• [Problem to solve] Collect every line of the records below that contains the word "Part".

###

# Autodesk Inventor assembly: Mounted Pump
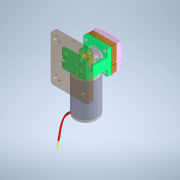
[picture p0: Inventor's stored thumbnail of the model, 180x180]
Saved by Autodesk Inventor 2021 (Build 250183000, 183)
## iProperties
Created: 2020-07-16
Part Number: Mounted Pump
Document SubType Name: Assembly
Designer: jgray
Author: jgray
## Documents named in this file (3)
- M:\Printed Electronics\Gas Sensors\Prototypes\Prototype II -Cartridge Reader V3\Mounted Pump.iam
- M:\Printed Electronics\Gas Sensors\Prototypes\Prototype II -Cartridge Reader V3\Pump GD 20020307-1820020307-18_20160204_bschn.ipt
- M:\Printed Electronics\Gas Sensors\Prototypes\Prototype II -Cartridge Reader V3\Pump Mounting Plate.ipt
## Components (2 placed, 2 different names)
1. Pump GD 20020307-1820020307-18_20160204_bschn:1 — Mate:1, Mate:2, Mate:3
2. Pump Mounting Plate:1 — Mate:1, Mate:2, Mate:3
## Relationships (3: Mate 3)
- Mate:1: Pump GD 20020307-1820020307-18_20160204_bschn:1 ↔ Pump Mounting Plate:1
- Mate:2: Pump GD 20020307-1820020307-18_20160204_bschn:1 ↔ Pump Mounting Plate:1
- Mate:3: Pump GD 20020307-1820020307-18_20160204_bschn:1 ↔ Pump Mounting Plate:1
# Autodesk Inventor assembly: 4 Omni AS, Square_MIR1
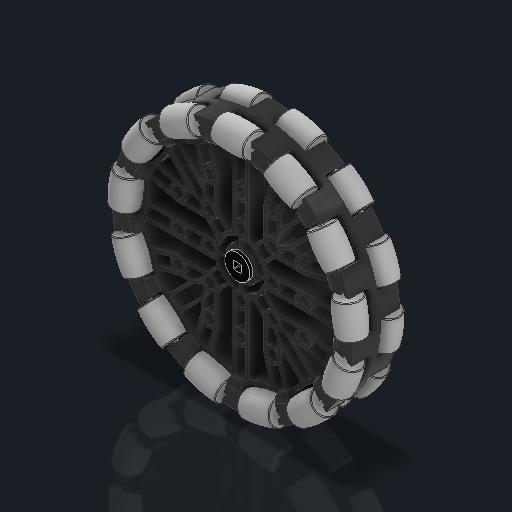
[picture p0: Inventor's stored thumbnail of the model, 512x512]
Saved by Autodesk Inventor 2023.2 (Build 272271030, 271C)
## iProperties
Created: 2022-08-02
Part Number: 4 Omni AS, Square_MIR1
Document SubType Name: Assembly
Designer: Michael
Author: ylu12
## Documents named in this file (3)
- C:\Users\black\OneDrive\Pictures\Documents\VEX CAD\VEX-CAD-Inventor-1.4.0\Motion\Wheels\Omni Wheel\4 Omni AS, Square_MIR1.iam
- C:\Users\black\OneDrive\Pictures\Documents\VEX CAD\VEX-CAD-Inventor-1.4.0\Motion\Wheels\Reference Files\4 Omni Antistatic_MIR1.ipt
- C:\Users\black\OneDrive\Pictures\Documents\VEX CAD\VEX-CAD-Inventor-1.4.0\Motion\Insert Square_MIR1.ipt
## Components (3 placed, 2 different names)
1. 4 Omni Antistatic_MIR1:1 — Mate:14, Mate:13, Flush:7
2. Insert Square_MIR1:1 — Flush:11, Flush:10, Mate:17
3. Insert Square_MIR1:2 — Angle:1, Mate:18, Flush:11, Flush:10, Flush:9
## Relationships (9: Mate 4, Flush 4, Angle 1)
- Mate:14: 4 Omni Antistatic_MIR1:1
- Mate:13: 4 Omni Antistatic_MIR1:1
- Flush:7: 4 Omni Antistatic_MIR1:1
- Angle:1 (0 deg): Insert Square_MIR1:2
- Mate:18: Insert Square_MIR1:2
- Flush:11: Insert Square_MIR1:1 ↔ Insert Square_MIR1:2
- Flush:10: Insert Square_MIR1:1 ↔ Insert Square_MIR1:2
- Flush:9 [Mate] (6.35 mm): Insert Square_MIR1:2
- Mate:17 [Flush] (6.35 mm): Insert Square_MIR1:1
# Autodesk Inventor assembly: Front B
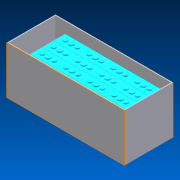
[picture p0: Inventor's stored thumbnail of the model, 180x180]
Saved by Autodesk Inventor 2012 (Build 160160000, 160)
## iProperties
Created: 2012-07-01
Part Number: Front B
Document SubType Name: Assembly
Designer: Hemant
Author: Hemant
## Documents named in this file (3)
- C:\Users\Hemant\Documents\Bat Boxes COmplete\Front B.iam
- C:\Users\Hemant\Documents\medim Battery Box Pastic 2.ipt
- C:\Users\Hemant\Documents\CALB100AH.ipt
## Components (17 placed, 2 different names)
1. medim Battery Box Pastic 2:1 — Mate:1, Mate:2, Mate:3
2. CALB100AH:1
3. CALB100AH:2
4. CALB100AH:3
5. CALB100AH:4
6. CALB100AH:5 — Mate:1
7. CALB100AH:6
8. CALB100AH:7
9. CALB100AH:8
10. CALB100AH:9
11. CALB100AH:10
12. CALB100AH:11
13. CALB100AH:12 — Mate:3
14. CALB100AH:13
15. CALB100AH:14 — Mate:2
16. CALB100AH:15
17. CALB100AH:16
## Component patterns: (4 elements), (4 elements, first: CALB100AH:1), Component Pattern 1:2 (4 elements), Component Pattern 1:3 (4 elements), Component Pattern 1:4 (4 elements)
## Relationships (3: Mate 3)
- Mate:1: medim Battery Box Pastic 2:1 ↔ CALB100AH:5
- Mate:2 (57.15 mm): medim Battery Box Pastic 2:1 ↔ CALB100AH:14
- Mate:3: medim Battery Box Pastic 2:1 ↔ CALB100AH:12
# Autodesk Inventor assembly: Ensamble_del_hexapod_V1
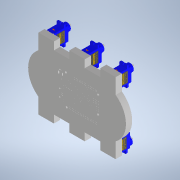
[picture p0: Inventor's stored thumbnail of the model, 180x180]
Saved by Autodesk Inventor 2021 (Build 250183000, 183)
## iProperties
Created: 2021-02-17
Part Number: Ensamble_del_hexapod_V1
Document SubType Name: Assembly
Designer: Admin
Author: Admin
## Documents named in this file (4)
- C:\Users\Admin\Documents\UVG\Semestre 10\Robotica 1\Proyecto de Robot Hexapodo\Proyecto_de_Hexapod_GP_RF\Ensamble_del_hexapod_V1.iam
- C:\Users\Admin\Documents\UVG\Semestre 10\Robotica 1\Proyecto de Robot Hexapodo\Proyecto_de_Hexapod_GP_RF\SG90 - Micro Servo 9g - Tower Pro.iam
- C:\Users\Admin\Documents\UVG\Semestre 10\Robotica 1\Proyecto de Robot Hexapodo\Proyecto_de_Hexapod_GP_RF\Arduino UNO Rev.3 (CH340)-CAWEB.ORG.iam
- C:\Users\Admin\Documents\UVG\Semestre 10\Robotica 1\Proyecto de Robot Hexapodo\Proyecto_de_Hexapod_GP_RF\Base Para Arduino y Servos.ipt
## Components (8 placed, 3 different names)
1. Arduino UNO Rev.3 (CH340)-CAWEB.ORG:1 [sub-assembly] — Flush:1
2. SG90 - Micro Servo 9g - Tower Pro:1 [sub-assembly] — Mate:2
3. SG90 - Micro Servo 9g - Tower Pro:2 [sub-assembly] — Mate:1
4. SG90 - Micro Servo 9g - Tower Pro:3 [sub-assembly] — Mate:3
5. SG90 - Micro Servo 9g - Tower Pro:4 [sub-assembly] — Mate:4
6. Base Para Arduino y Servos:1 — Flush:1, Mate:1, Mate:2, Mate:3, Mate:4, Mate:5, Mate:6
7. SG90 - Micro Servo 9g - Tower Pro:5 [sub-assembly] — Mate:6
8. SG90 - Micro Servo 9g - Tower Pro:6 [sub-assembly] — Mate:5
## Relationships (7: Mate 6, Flush 1)
- Flush:1: Arduino UNO Rev.3 (CH340)-CAWEB.ORG:1 ↔ Base Para Arduino y Servos:1
- Mate:1: SG90 - Micro Servo 9g - Tower Pro:2 ↔ Base Para Arduino y Servos:1
- Mate:2: SG90 - Micro Servo 9g - Tower Pro:1 ↔ Base Para Arduino y Servos:1
- Mate:3: SG90 - Micro Servo 9g - Tower Pro:3 ↔ Base Para Arduino y Servos:1
- Mate:4: SG90 - Micro Servo 9g - Tower Pro:4 ↔ Base Para Arduino y Servos:1
- Mate:5: Base Para Arduino y Servos:1 ↔ SG90 - Micro Servo 9g - Tower Pro:6
- Mate:6: Base Para Arduino y Servos:1 ↔ SG90 - Micro Servo 9g - Tower Pro:5
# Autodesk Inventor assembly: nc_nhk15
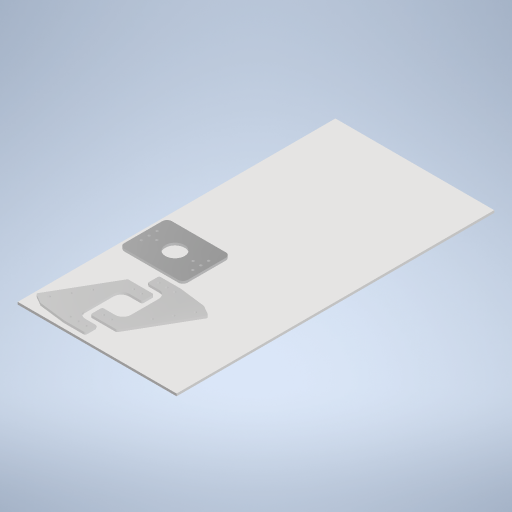
[picture p0: Inventor's stored thumbnail of the model, 512x512]
Saved by Autodesk Inventor 2023 (Build 270158000, 158)
## iProperties
Created: 2022-04-24
Part Number: nc_nhk15
Document SubType Name: Assembly
Designer: yuta
Author: yuta
## Documents named in this file (4)
- C:\Users\yuta\Documents\NHK\nc_nhk15.iam
- C:\Users\yuta\Documents\NHK\旧\NC.port.ipt
- C:\Users\yuta\Desktop\オムニホイール\ホイールユニット_側板1.ipt
- C:\Users\yuta\Documents\NHK\射出_エンコーダー固定.ipt
## Components (4 placed, 3 different names)
1. NC.port:1 — メイト:1, メイト:2, フラッシュ:1, メイト:3, メイト:6, フラッシュ:2
2. ホイールユニット_側板1:1 — メイト:1, フラッシュ:1, メイト:3, メイト:4, メイト:5
3. ホイールユニット_側板1:2 — メイト:2, メイト:4, メイト:5, メイト:7
4. 射出_エンコーダー固定:1 — メイト:6, フラッシュ:2, メイト:7
## Relationships (9: Mate 7, Flush 2)
- メイト:1 [Mate]: NC.port:1 ↔ ホイールユニット_側板1:1
- メイト:2 [Mate]: NC.port:1 ↔ ホイールユニット_側板1:2
- フラッシュ:1 [Flush] (6 mm): NC.port:1 ↔ ホイールユニット_側板1:1
- メイト:3 [Mate] (-8 mm): NC.port:1 ↔ ホイールユニット_側板1:1
- メイト:4 [Mate] (8 mm): ホイールユニット_側板1:1 ↔ ホイールユニット_側板1:2
- メイト:5 [Mate] (8 mm): ホイールユニット_側板1:1 ↔ ホイールユニット_側板1:2
- メイト:6 [Mate]: NC.port:1 ↔ 射出_エンコーダー固定:1
- フラッシュ:2 [Flush] (6 mm): NC.port:1 ↔ 射出_エンコーダー固定:1
- メイト:7 [Mate] (8 mm): ホイールユニット_側板1:2 ↔ 射出_エンコーダー固定:1
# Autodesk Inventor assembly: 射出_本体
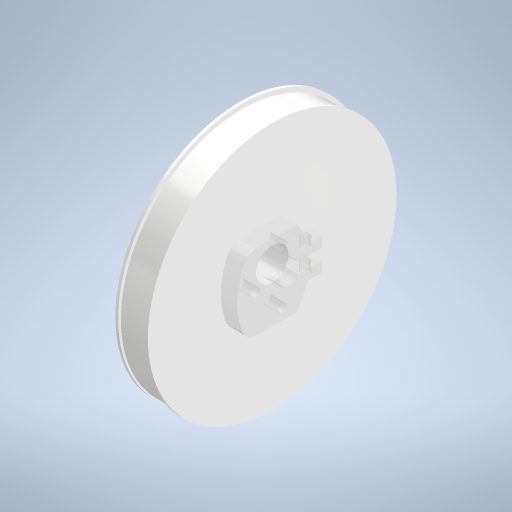
[picture p0: Inventor's stored thumbnail of the model, 512x512]
Saved by Autodesk Inventor 2023 (Build 270158000, 158)
## iProperties
Created: 2022-04-24
Part Number: 射出_本体
Document SubType Name: Assembly
Designer: yuta
Author: yuta
## Documents named in this file (4)
- C:\Users\yuta\Documents\NHK\射出_本体.iam
- C:\Users\yuta\Documents\NHK\type3.ipt
- C:\Users\yuta\Documents\NHK\射出_腕固定2.ipt
- C:\Users\yuta\Documents\NHK\射出_腕固定3.ipt
## Components (3 placed, 3 different names)
1. type3:1 — メイト:10, メイト:11, メイト:12, メイト:13
2. 射出_腕固定2:1 — メイト:10, メイト:11
3. 射出_腕固定3:1 — メイト:12, メイト:13
## Relationships (4: Mate 4)
- メイト:10 [Mate]: type3:1 ↔ 射出_腕固定2:1
- メイト:11 [Mate]: type3:1 ↔ 射出_腕固定2:1
- メイト:12 [Mate]: type3:1 ↔ 射出_腕固定3:1
- メイト:13 [Mate]: type3:1 ↔ 射出_腕固定3:1
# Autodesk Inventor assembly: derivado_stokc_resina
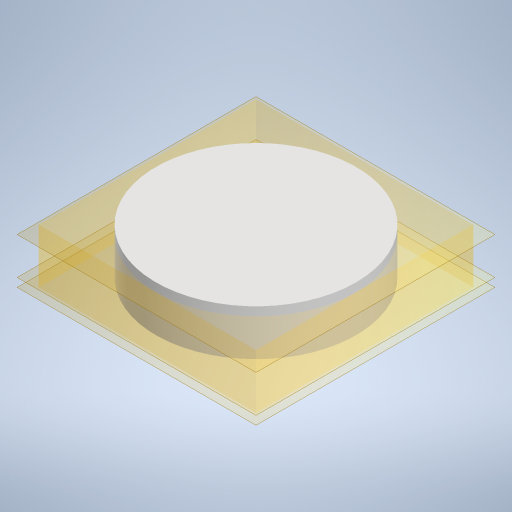
[picture p0: Inventor's stored thumbnail of the model, 512x512]
Saved by Autodesk Inventor 2023.2 (Build 272271030, 271C)
## iProperties
Created: 2023-07-31
Part Number: derivado_stokc_resina
Document SubType Name: Assembly
Designer: Cris Pat
Author: Cris Pat
## Documents named in this file (3)
- C:\Users\Cris Pat\Desktop\U\Semestre_10\Disenio_y_manufactura\proyecto\derivado_stokc_resina.iam
- C:\Users\Cris Pat\Desktop\U\Semestre_10\Disenio_y_manufactura\proyecto\el derivado.ipt
- C:\Users\Cris Pat\Desktop\U\Semestre_10\Disenio_y_manufactura\proyecto\stock material 1.ipt
## Components (2 placed, 2 different names)
1. el derivado:1
2. stock material 1:1 — Flush:1
## Relationships (1: Flush 1)
- Flush:1: stock material 1:1

###

• [Exercise solution]
Part Number: Mounted Pump
Part Number: 4 Omni AS, Square_MIR1
Part Number: Front B
Part Number: Ensamble_del_hexapod_V1
Part Number: nc_nhk15
Part Number: 射出_本体
Part Number: derivado_stokc_resina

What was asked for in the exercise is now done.